Latitude: N 43°42'32
Longitude: W 110°42'38
Length: 22,145.5m
Number of Bench marks: 50
Number of Surveys to 2002: 6
Date of Initial Survey: Aug/Sep 1988
Date of Latest Survey: August 2001
Trespass Permission:
Resource Manager
Grand Teton National Park, Moose, Wyoming

 

Directions:
The line commences at the top of the bluff overlooking Deadman Bar on the west bank of the Snake River; it proceeds westward across Baseline Flats to Jenny Lake; thence around the south side of the lake via the horse trail; thence up the horse trail into Cascade Canyon to the forks and as far as the ranger cabin in North Fork.

Comments:
This line was established across the Teton fault by John O. D. Byrd, Bob Smith, and Charles Meertens to monitor possible creep and future coseismic strain (Byrd et al., 1989). It has been surveyed six times by undergradate students of the University of California, Santa Barbara, and the University of Utah. The line was extended 7.8 km eastward in 1994 from the top of the bluff overlooking Deadman Bar, across the Snake River, to the west flank of Shadow Mountain (Sylvester, 1996).  

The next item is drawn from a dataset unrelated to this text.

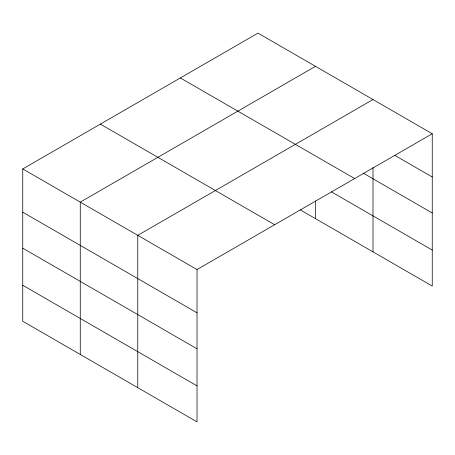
<?xml version="1.0" encoding="UTF-8"?>
<svg xmlns="http://www.w3.org/2000/svg" width="455" height="455" viewBox="0 0 455 455"><rect width="100%" height="100%" fill="white"/><g stroke="black" fill="none" stroke-linecap="round" stroke-linejoin="round"><path stroke-width="0.68" d="M22.75 168.936L197.021 269.553L197.021 421.87L22.75 321.253L22.75 168.936L257.979 33.13L432.25 133.747L432.25 286.064L300.192 209.818M315.486 66.333L80.262 202.139L80.262 354.456M372.998 99.537L137.768 235.343L137.768 387.66M197.021 269.553L432.25 133.747M394.986 155.485L432.25 177.001M363.209 173.127L432.25 212.991M180.351 77.947L354.627 178.559M331.394 191.845L432.25 250.074M100.373 124.118L274.649 224.736M22.75 212.189L197.021 312.807M22.75 248.18L197.021 348.797M22.75 285.262L197.021 385.88M372.998 167.491L372.998 251.854M315.486 201.008L315.486 218.65"/></g></svg>

The fifth and sixth resurveys were done in 1997 and 2001 by 9 volunteers associated with the University Research Expeditions Program (UREP) under the supervision of Arthur G. Sylvester and Christopher S. Hitchcock.  The 1997 participants were Erin Bower, Kenneth Craig, Yee-Bien Chuah, Mark Hughes, Curtis Joe, Jennifer Caci, Randy Kahn, and Louis and Lucia Fermelia. The 2001 participants were Rob Haworth, Fred Howe, Gil Kane, Falene Petrik, Randa Hope, Allison Leonard, Emily Crawford, Thomas Neely, and Madeline Goff - assisted by University of Utah students Aaron DeNosaquo and Wu Lung Chang, with Susan Dougherty and Lisa Gartland providing essential support.

 

UREP surveying team, Grand Teton National Park, 2001. From left to right, Christopher, Gil, Allison, Aaron, Thomas, Madeline, Falene, Emily, Fred, Randa, AGS, Rob. More images of this crew.

 

Abstract for 2001 Fall AGU Meeting, San Francisco


First-order Leveling and Campaign GPS Reveal Anomalous, Interseismic, Contractile, Transient Strain Across Teton Normal Fault, 1988-2001, Grand Teton National Park, Wyoming

A. G. Sylvester (Univ. California, Santa Barbara CA), R. B. Smith and Wu Lung Chang (Univ. Utah, Salt Lake City, UT), C. S. Hitchcock (Wm. Lettis & Assoc., Inc., Walnut Creek, CA), and J. O. D. Byrd (Anadarko Petroleum., Houston, TX)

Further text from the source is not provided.